Hemoglobin is a kind of key protein in higher organism body, it is responsible for delivering oxygen, participate in transport and the regulation of pH value of blood of carbon dioxide in blood, clinically, the detection of hemoglobin can be that PUD D, angiocardiopathy and some tumor diseases provide diagnosis basis, therefore, content of hemoglobin in blood is enzyme rapidly and sensitively detected significant.The conventional detection method of hemoglobin had radio immunoassay, enzyme-linked immunosorbent assay etc. in the past, these methods are required for preparing biological antibody, utilizing hemoglobin to detect with the idiosyncrasy (i.e. immune response) of its biological antibody, biological antibody manufacturing cycle is longer, and purification technique is loaded down with trivial details.Moreover, radioimmunoassay technique also needs to special experimental laboratory, and Enzyme-multiplied immune technique is the most more.Therefore, explore a kind of protein detection method without antibody and there is important scientific value and practical significance.From the point of view of molecular structure, each haemoglobin molecule is made up of tetramolecular globin and four molecule hemes, each ferroheme is made up of 4 pyrrole rings again, an iron atom is had in pyrrole ring central authorities, generally this iron is positive trivalent (Fe(III)), if the iron of trivalent becomes the iron (Fe(II) of divalence) electrochemical signals can be produced.

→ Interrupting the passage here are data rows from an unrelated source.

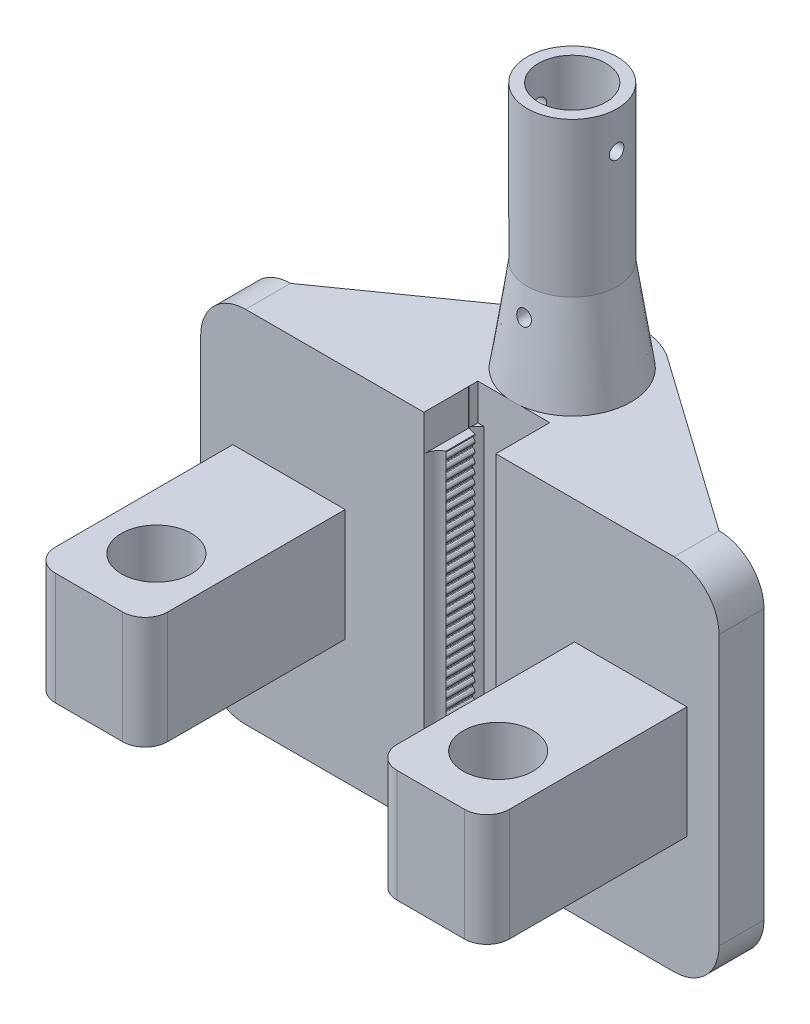
SolidWorks part; units mm, degrees
ref_plane "Piano frontale" through (0, 0, 0) normal (0, 0, 1) x (1, 0, 0)
ref_plane "Piano superiore" through (0, 0, 0) normal (0, 1, 0) x (1, 0, 0)
ref_plane "Piano destro" through (0, 0, 0) normal (1, 0, 0) x (0, 0, -1)
sketch "Schizzo1" plane through (0, 0, 0) normal (0, 0, 1) x (1, 0, 0)
  line L1 (-57.665, 40) -> (57.665, 40)
  line L2 (-57.665, 40) -> (-57.665, -40)
  line L3 (-57.665, -40) -> (57.665, -40)
  line L4 (57.665, 40) -> (57.665, -40)
  line L5 (-57.665, 40) -> (57.665, -40) construction
  line L6 (-57.665, -40) -> (57.665, 40) construction
  point P0 (0, 0)
  dimension "D1" = 80
  dimension "D2" = 115.33
extrude "Estrusione-Estrusione1" add sketch "Schizzo1" along normal blind 10
fillet "Raccordo1" radius 10 4 edges at (-57.665, -40, 5) (57.665, -40, 5) (57.665, 40, 5) (-57.665, 40, 5)
sketch "Schizzo2" plane through (0, 0, 10) normal (0, 0, 1) x (1, 0, 0)
  line L1 (-6.11, 27.5) -> (6.11, 27.5)
  line L2 (-6.11, 27.5) -> (-6.11, -27.5)
  line L3 (-6.11, -27.5) -> (6.11, -27.5)
  line L4 (6.11, 27.5) -> (6.11, -27.5)
  line L5 (-6.11, 27.5) -> (6.11, -27.5) construction
  line L6 (-6.11, -27.5) -> (6.11, 27.5) construction
  point P0 (0, 0)
  dimension "D1" = 55
  dimension "D2" = 12.22
extrude "Estrusione-Estrusione2" add sketch "Schizzo2" against normal blind 5 contours L1 L4 L3 L2
sketch "Schizzo6" plane through (0, 0, 10) normal (0, 0, 1) x (1, 0, 0)
  line L0 (0, 0) -> (49.9303, 0) construction
  line L2 (-6.11, 21.3859) -> (-6.11, -21.3859)
  line L4 (6.11, 21.3859) -> (6.11, -21.3859)
  line L5 (-6.11, 27.5) -> (6.11, -27.5) construction
  line L6 (-6.11, -27.5) -> (6.11, 27.5) construction
  arc A1 (6.11, -21.3859) -> (-6.11, -21.3859) centre (0, -21.3859) cw
  arc A2 (6.11, 21.3859) -> (-6.11, 21.3859) centre (0, 21.3859) ccw
  point P0 (0, 0)
  dimension "D1" = 12.22
  dimension "D2" = 55
extrude "Taglio-Estrusione6" cut sketch "Schizzo6" against normal blind 7
sketch "Schizzo9" plane through (0, 0, 0) normal (0, 0, -1) x (-1, 0, 0)
  line L0 (0, 0) -> (-26.4048, 0) construction
  line L1 (6.11, 23.4312) -> (6.11, -23.4312)
  line L2 (-6.11, 23.4312) -> (-6.11, -23.4312)
  line L3 (6.11, 23.4312) -> (6.11, 40)
  line L4 (-47.665, 40) -> (47.665, 40) construction
  line L5 (6.11, 40) -> (-6.11, 40)
  line L6 (-6.11, 40) -> (-6.11, 23.4312)
  arc A5 (-6.11, -23.4312) -> (6.11, -23.4312) centre (0, -23.4312) ccw
  point P0 (0, 0)
extrude "Taglio-Estrusione8" cut sketch "Schizzo9" against normal blind 53 contours A5 L1 L3 L5 L6 L2
ref_plane "Piano1" through (0, 95, 0) normal (0, 1, 0) x (1, 0, 0)
sketch "Schizzo14" plane through (0, 95, 0) normal (0, 1, 0) x (1, 0, 0)
  circle A1 centre (0, 15) radius 10
  dimension "D2" = 20
extrude "Estrusione-Estrusione5" add sketch "Schizzo14" against normal blind 135 separate body
ref_plane "Piano2" through (0, 0, 5) normal (0, 0, 1) x (1, 0, 0)
ref_plane "Piano3" through (0, -40, 0) normal (0, 1, 0) x (1, 0, 0)
sketch "Schizzo20" plane through (0, -40, 0) normal (0, 1, 0) x (1, 0, 0)
  line L0 (-13.0862, 15) -> (-13.0862, 0)
  line L1 (-47.665, 0) -> (47.665, 0) construction
  line L2 (-13.0862, 0) -> (13.0862, 0)
  line L3 (13.0862, 0) -> (13.0862, 15)
  arc A0 (13.0862, 15) -> (-13.0862, 15) centre (0, 15) ccw
chamfer "Smusso1" distance 2 angle 15 3 edges at (-6.11, 8.2844, 0) (6.11, 8.2844, 0) (0, -29.5412, 0) first distance on face at (0, 2.2523, 0)
ref_plane "Piano4" through (0, 0, 7) normal (0, 0, 1) x (1, 0, 0)
sketch "Schizzo22" plane through (0, 0, 7) normal (0, 0, 1) x (1, 0, 0)
  line L0 (0, 0) -> (47.566, 0) construction
  line L1 (-8, 23.4312) -> (-8, -23.4312)
  line L2 (8, 23.4312) -> (8, -23.4312)
  line L3 (-8, 23.4312) -> (-8, 40)
  line L4 (47.665, 40) -> (6.11, 40) construction
  line L5 (-8, 40) -> (8, 40)
  line L6 (8, 40) -> (8, 23.4312)
  arc A1 (8, -23.4312) -> (-8, -23.4312) centre (0, -23.4312) cw
extrude "Taglio-Estrusione12" cut sketch "Schizzo22" along normal blind 80 contours L1 A1 L2 L6 L5 L3
chamfer "Smusso2" distance 2 angle 15 3 edges at (-8, 8.2844, 7) (0, -31.4312, 7) (8, 8.2844, 7) first distance on face at (0, 6.5207, 7)
extrude "Estrusione-Estrusione9" add sketch "Schizzo20" along normal blind 8 contours L0 L2 L3 A0
sketch "Schizzo23" plane through (0, -32, 0) normal (0, 1, 0) x (1, 0, 0)
  line L0 (-13.0862, 15) -> (-13.0862, 0)
  line L1 (-13.0862, 0) -> (-8.5862, 0)
  line L2 (-13.0862, 0) -> (13.0862, 0) construction
  line L3 (-8.5862, 0) -> (-6.5862, 2)
  line L4 (-6.5862, 2) -> (6.5862, 2)
  line L5 (6.5862, 2) -> (8.5862, 0)
  line L6 (-13.0862, 0) -> (13.0862, 0) construction
  line L7 (8.5862, 0) -> (13.0862, 0)
  line L8 (13.0862, 0) -> (13.0862, 15)
  arc A0 (13.0862, 15) -> (-13.0862, 15) centre (0, 15) ccw
  dimension "D1" = 4.5
  dimension "D2" = 45
  dimension "D3" = 4.5
  dimension "D4" = 2
extrude "Estrusione-Estrusione10" add sketch "Schizzo23" along normal blind 64
sketch "Schizzo24" plane through (0, 32, 0) normal (0, 1, 0) x (1, 0, 0)
  line L0 (-13.0862, 15) -> (-13.0862, 0)
  line L1 (-13.0862, 0) -> (13.0862, 0)
  line L2 (13.0862, 0) -> (13.0862, 15)
  arc A0 (13.0862, 15) -> (-13.0862, 15) centre (0, 15) ccw
extrude "Estrusione-Estrusione11" add sketch "Schizzo24" along normal blind 8
sketch "Schizzo25" plane through (0, 0, 0) normal (1, 0, 0) x (0, 0, -1)
  line L0 (15, 40) -> (15, 81.458) construction
  line L1 (15, 40) -> (28.0862, 40)
  line L2 (28.0862, 40) -> (25, 60.729)
  line L3 (25, 40) -> (25, 95) construction
  line L4 (25, 60.729) -> (15, 60.729)
  line L5 (15, 60.729) -> (15, 40)
revolve "Rivoluzione6" add sketch "Schizzo25" angle 360 about L0
sketch "Schizzo26" plane through (0, 0, 7) normal (0, 0, 1) x (1, 0, 0)
  line L0 (1.3785, -23.4315) -> (-1.3779, -23.431)
  line L1 (-6.8597, 21.1652) -> (-6.8597, 21.6893)
  line L2 (-6.8571, 15.416) -> (-6.8578, 15.1539)
  line L3 (-6.8575, 23.4312) -> (-6.8581, 23.1691)
  line L4 (-6.8571, 7.4009) -> (-6.8578, 7.1388)
  line L5 (-6.1096, 8.4039) -> (-6.1096, 8.4032) construction
  line L6 (6.8582, 31.7083) -> (-6.8572, 31.7085)
  line L7 (-6.8574, 19.4235) -> (-6.858, 19.6856)
  line L8 (-6.1096, 22.4287) -> (-6.1096, 22.4291) construction
  line L9 (-6.8571, -8.6292) -> (-6.8578, -8.8913)
  line L10 (-6.8574, 11.4084) -> (-6.858, 11.6705)
  line L11 (-6.1096, 22.4291) -> (-6.1096, 22.4287)
  line L12 (-6.1096, 22.4287) -> (-6.1096, 22.4291) construction
  line L13 (6.1099, -9.6321) -> (6.1099, -9.6314) construction
  line L14 (-6.8597, 13.1501) -> (-6.8597, 13.6743)
  line L15 (-6.8571, 15.416) -> (-6.8578, 15.6781)
  line L16 (-6.8597, 17.6818) -> (-6.8597, 17.1576)
  line L17 (-6.8574, 19.4235) -> (-6.858, 19.1614)
  line L18 (-6.1096, 8.4032) -> (-6.1096, 8.4039)
  line L19 (-6.8574, 11.4084) -> (-6.858, 11.1463)
  line L20 (-6.8571, 7.4009) -> (-6.8578, 7.663)
  line L21 (-6.8597, 9.6668) -> (-6.8597, 9.1426)
  line L22 (-6.1096, -7.6262) -> (-6.1096, -7.6269) construction
  line L24 (-6.1096, 6.3983) -> (-6.1096, 6.399) construction
  line L25 (-6.8597, 5.1351) -> (-6.8597, 5.6593)
  line L26 (-6.8574, 3.3934) -> (-6.858, 3.6555)
  line L27 (-6.1096, 6.399) -> (-6.1096, 6.3983)
  line L28 (-6.8574, -4.6217) -> (-6.858, -4.3596)
  line L29 (-6.8597, -2.88) -> (-6.8597, -2.3558)
  line L30 (-6.8571, -0.6141) -> (-6.8578, -0.8762)
  line L31 (-6.8597, 1.6517) -> (-6.8597, 1.1275)
  line L32 (-6.1096, -7.6269) -> (-6.1096, -7.6262)
  line L33 (-6.8574, 3.3934) -> (-6.858, 3.1313)
  line L34 (-6.8574, -4.6217) -> (-6.858, -4.8838)
  line L35 (-6.8571, -8.6292) -> (-6.8578, -8.3671)
  line L36 (-6.8571, -0.6141) -> (-6.8578, -0.352)
  line L37 (-6.8597, -6.3633) -> (-6.8597, -6.8875)
  line L39 (-6.1096, -9.6318) -> (-6.1096, -9.6311) construction
  line L40 (-6.8597, -10.895) -> (-6.8597, -10.3708)
  line L41 (-6.8571, -16.6442) -> (-6.8578, -16.9063)
  line L42 (-6.8574, -12.6367) -> (-6.858, -12.3746)
  line L43 (-6.8574, -20.6518) -> (-6.858, -20.3897)
  line L44 (-6.1096, -9.6311) -> (-6.1096, -9.6318)
  line L45 (-6.8597, -18.9101) -> (-6.8597, -18.3859)
  line L46 (-6.8571, -16.6442) -> (-6.8578, -16.3821)
  line L47 (-6.8597, -14.3784) -> (-6.8597, -14.9026)
  line L48 (-6.8574, -12.6367) -> (-6.858, -12.8988)
  line L51 (-6.8575, 23.4312) -> (-6.8581, 23.6933)
  line L52 (6.1099, 6.398) -> (6.1099, 6.3987) construction
  line L53 (-6.8597, -22.3934) -> (-6.8597, -22.9176)
  line L54 (-6.8574, -20.6518) -> (-6.858, -20.9138)
  line L55 (-6.1578, -23.431) -> (-1.3779, -23.431)
  line L58 (6.1099, -7.6265) -> (6.1099, -7.6272) construction
  line L59 (6.1099, 22.4281) -> (6.1099, 22.4288) construction
  line L60 (6.1099, 22.4281) -> (6.1099, 22.4288) construction
  line L61 (6.1099, 8.4036) -> (6.1099, 8.4029) construction
  line L62 (6.1581, -23.4315) -> (1.3785, -23.4315)
  line L63 (6.8577, -20.6522) -> (6.8583, -20.9143)
  line L64 (6.86, -22.3939) -> (6.86, -22.9181)
  line L66 (6.8577, -12.6372) -> (6.8583, -12.8993)
  line L67 (6.86, -14.3788) -> (6.86, -14.903)
  line L68 (6.8574, -16.6447) -> (6.8581, -16.3826)
  line L69 (6.86, -18.9106) -> (6.86, -18.3864)
  line L70 (6.1099, -9.6314) -> (6.1099, -9.6321)
  line L71 (6.8577, -20.6522) -> (6.8583, -20.3901)
  line L72 (6.8577, -12.6372) -> (6.8583, -12.3751)
  line L73 (6.8574, -16.6447) -> (6.8581, -16.9068)
  line L74 (6.86, -10.8955) -> (6.86, -10.3713)
  line L75 (6.86, -6.3638) -> (6.86, -6.888)
  line L76 (6.8574, -0.6146) -> (6.8581, -0.3525)
  line L77 (6.8574, -8.6296) -> (6.8581, -8.3675)
  line L78 (6.8577, -4.6221) -> (6.8583, -4.8842)
  line L79 (6.8577, 3.3929) -> (6.8583, 3.1308)
  line L80 (6.1099, -7.6272) -> (6.1099, -7.6265)
  line L81 (6.86, 1.6513) -> (6.86, 1.1271)
  line L82 (6.8574, -0.6146) -> (6.8581, -0.8767)
  line L83 (6.86, -2.8805) -> (6.86, -2.3563)
  line L84 (6.8577, -4.6221) -> (6.8583, -4.36)
  line L85 (6.1099, 6.3987) -> (6.1099, 6.398)
  line L86 (6.8577, 3.3929) -> (6.8583, 3.655)
  line L87 (6.86, 5.1346) -> (6.86, 5.6588)
  line L88 (6.86, 9.6663) -> (6.86, 9.1421)
  line L89 (6.8574, 7.4005) -> (6.8581, 7.6625)
  line L90 (6.8577, 11.408) -> (6.8583, 11.1459)
  line L91 (6.1099, 8.4029) -> (6.1099, 8.4036)
  line L92 (6.8577, 19.423) -> (6.8583, 19.1609)
  line L93 (6.86, 17.6814) -> (6.86, 17.1572)
  line L94 (6.8574, 15.4155) -> (6.8581, 15.6776)
  line L95 (6.86, 13.1496) -> (6.86, 13.6738)
  line L96 (6.1099, 22.4288) -> (6.1099, 22.4281)
  line L97 (6.8577, 11.408) -> (6.8583, 11.6701)
  line L98 (6.8574, -8.6296) -> (6.8581, -8.8917)
  line L99 (6.8577, 19.423) -> (6.8583, 19.6851)
  line L100 (6.1099, 24.4337) -> (6.1099, 24.433) construction
  line L101 (6.8574, 7.4005) -> (6.8581, 7.1384)
  line L102 (6.8581, 23.4309) -> (6.8587, 23.1688)
  line L103 (6.8574, 15.4155) -> (6.8581, 15.1534)
  line L104 (6.86, 21.1647) -> (6.86, 21.6889)
  line L105 (6.1099, 24.4337) -> (6.1099, 24.433) construction
  line L110 (6.86, 25.697) -> (6.86, 25.1728)
  line L111 (6.8576, 31.4462) -> (6.8582, 31.7083)
  line L112 (6.8581, 23.4309) -> (6.8587, 23.693)
  line L114 (6.8578, 27.4387) -> (6.8584, 27.1766)
  line L117 (6.1099, 24.433) -> (6.1099, 24.4337)
  line L119 (6.8576, 31.4462) -> (6.8582, 31.1841)
  line L120 (6.8601, 29.1804) -> (6.8601, 29.7045)
  line L121 (6.8578, 27.4387) -> (6.8584, 27.7008)
  line L132 (-6.8571, 27.4388) -> (-6.8577, 27.7009)
  line L133 (-6.8593, 29.1805) -> (-6.8592, 29.7047)
  line L134 (-6.8566, 31.4464) -> (-6.8573, 31.1843)
  line L137 (-6.8571, 27.4388) -> (-6.8578, 27.1767)
  line L139 (-6.8566, 31.4464) -> (-6.8572, 31.7085)
  line L140 (-6.8595, 25.6972) -> (-6.8595, 25.173)
  arc A0 (-6.4213, 21.93) -> (-6.421, 22.9276) centre (-6.6647, 22.4289) ccw
  arc A1 (-6.7298, 21.8372) -> (-6.4213, 21.93) centre (-6.8596, 22.8284) ccw
  arc A2 (-6.7298, 21.8372) -> (-6.8597, 21.6893) centre (-6.7105, 21.6893) ccw
  arc A3 (-6.7287, 23.0208) -> (-6.8581, 23.1691) centre (-6.7089, 23.1687) cw
  arc A4 (-6.7287, 23.0208) -> (-6.421, 22.9276) centre (-6.8609, 22.0301) cw
  arc A5 (-6.7299, 21.0172) -> (-6.8597, 21.1652) centre (-6.7105, 21.1651) cw
  arc A6 (-6.7299, 21.0172) -> (-6.4214, 20.9244) centre (-6.8598, 20.0261) cw
  arc A7 (-6.7286, 19.8338) -> (-6.858, 19.6856) centre (-6.7088, 19.6859) ccw
  arc A8 (-6.7286, 19.8338) -> (-6.4202, 19.9273) centre (-6.8607, 20.8246) ccw
  arc A9 (-6.4214, 20.9244) -> (-6.4202, 19.9273) centre (-6.6648, 20.4256) cw
  arc A10 (-6.7298, 17.0097) -> (-6.8597, 17.1576) centre (-6.7105, 17.1576) cw
  arc A11 (-6.7284, 15.8263) -> (-6.8578, 15.6781) centre (-6.7086, 15.6784) ccw
  arc A12 (-6.7284, 15.8263) -> (-6.42, 15.9198) centre (-6.8606, 16.8171) ccw
  arc A13 (-6.4213, 16.917) -> (-6.42, 15.9198) centre (-6.6647, 16.4181) cw
  arc A14 (-6.7298, 17.0097) -> (-6.4213, 16.917) centre (-6.8596, 16.0186) cw
  arc A15 (-6.7299, 17.8297) -> (-6.8597, 17.6818) centre (-6.7105, 17.6818) ccw
  arc A16 (-6.7299, 17.8297) -> (-6.4214, 17.9225) centre (-6.8598, 18.8208) ccw
  arc A17 (-6.4214, 17.9225) -> (-6.4202, 18.9197) centre (-6.6648, 18.4214) ccw
  arc A18 (-6.7286, 19.0132) -> (-6.4202, 18.9197) centre (-6.8607, 18.0224) cw
  arc A19 (-6.7286, 19.0132) -> (-6.858, 19.1614) centre (-6.7088, 19.161) cw
  arc A20 (-6.7286, 11.8187) -> (-6.858, 11.6705) centre (-6.7088, 11.6709) ccw
  arc A21 (-6.7286, 11.8187) -> (-6.4202, 11.9122) centre (-6.8607, 12.8095) ccw
  arc A22 (-6.4214, 12.9094) -> (-6.4202, 11.9122) centre (-6.6648, 12.4105) cw
  arc A23 (-6.7299, 13.0022) -> (-6.4214, 12.9094) centre (-6.8598, 12.0111) cw
  arc A24 (-6.7299, 13.0022) -> (-6.8597, 13.1501) centre (-6.7105, 13.1501) cw
  arc A25 (-6.7298, 13.8222) -> (-6.4213, 13.915) centre (-6.8596, 14.8133) ccw
  arc A26 (-6.4213, 13.915) -> (-6.42, 14.9121) centre (-6.6647, 14.4138) ccw
  arc A27 (-6.7284, 15.0056) -> (-6.42, 14.9121) centre (-6.8606, 14.0149) cw
  arc A28 (-6.7284, 15.0056) -> (-6.8578, 15.1539) centre (-6.7086, 15.1535) cw
  arc A29 (-6.7298, 13.8222) -> (-6.8597, 13.6743) centre (-6.7105, 13.6743) ccw
  arc A30 (-6.4214, 9.9075) -> (-6.4202, 10.9046) centre (-6.6648, 10.4063) ccw
  arc A31 (-6.7286, 10.9981) -> (-6.4202, 10.9046) centre (-6.8607, 10.0073) cw
  arc A32 (-6.7286, 10.9981) -> (-6.858, 11.1463) centre (-6.7088, 11.146) cw
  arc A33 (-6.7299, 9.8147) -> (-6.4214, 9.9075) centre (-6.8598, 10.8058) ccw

Electrochemical sensor is by working electrode, reference electrode and the three-electrode system constituting electrode, it it is a kind of device utilizing electrochemical signals change that sample is detected, there is highly sensitive, preparation simplicity, low cost, be prone to miniaturization, be suitable for the feature such as Site Detection, be one of biosensor technique of maturation the most.It is working electrode that parasol pine etc. utilizes the film modified glass-carbon electrode of natural phosphatidyl choline laurate, builds electrochemical sensor, and this electrochemical sensor is sensitive to hemoglobin response, and detection limit is low, is disturbed few (chemistry journal 2002,60,1,269 1273)；The silver plate that nano silver particles is modified by Lin Li etc. is working electrode, builds electrochemical sensor, for the detection of hemoglobin, in the range of finite concentration, Electrochemical Detection peak current and HC are good linear relationship (analytical chemistry, 2006,34 (1): 31 34.).

Though hemoglobin can well be detected by above-mentioned electrochemical sensor, but its detection range is narrower.

Summary of the invention

The present invention is to solve the above-mentioned technical problem existing for prior art, it is provided that a kind of realize to hemoglobin in bigger concentration range quickly, the electrochemical sensor of the be catalyzed reduced hemoglobin of Sensitive Detection.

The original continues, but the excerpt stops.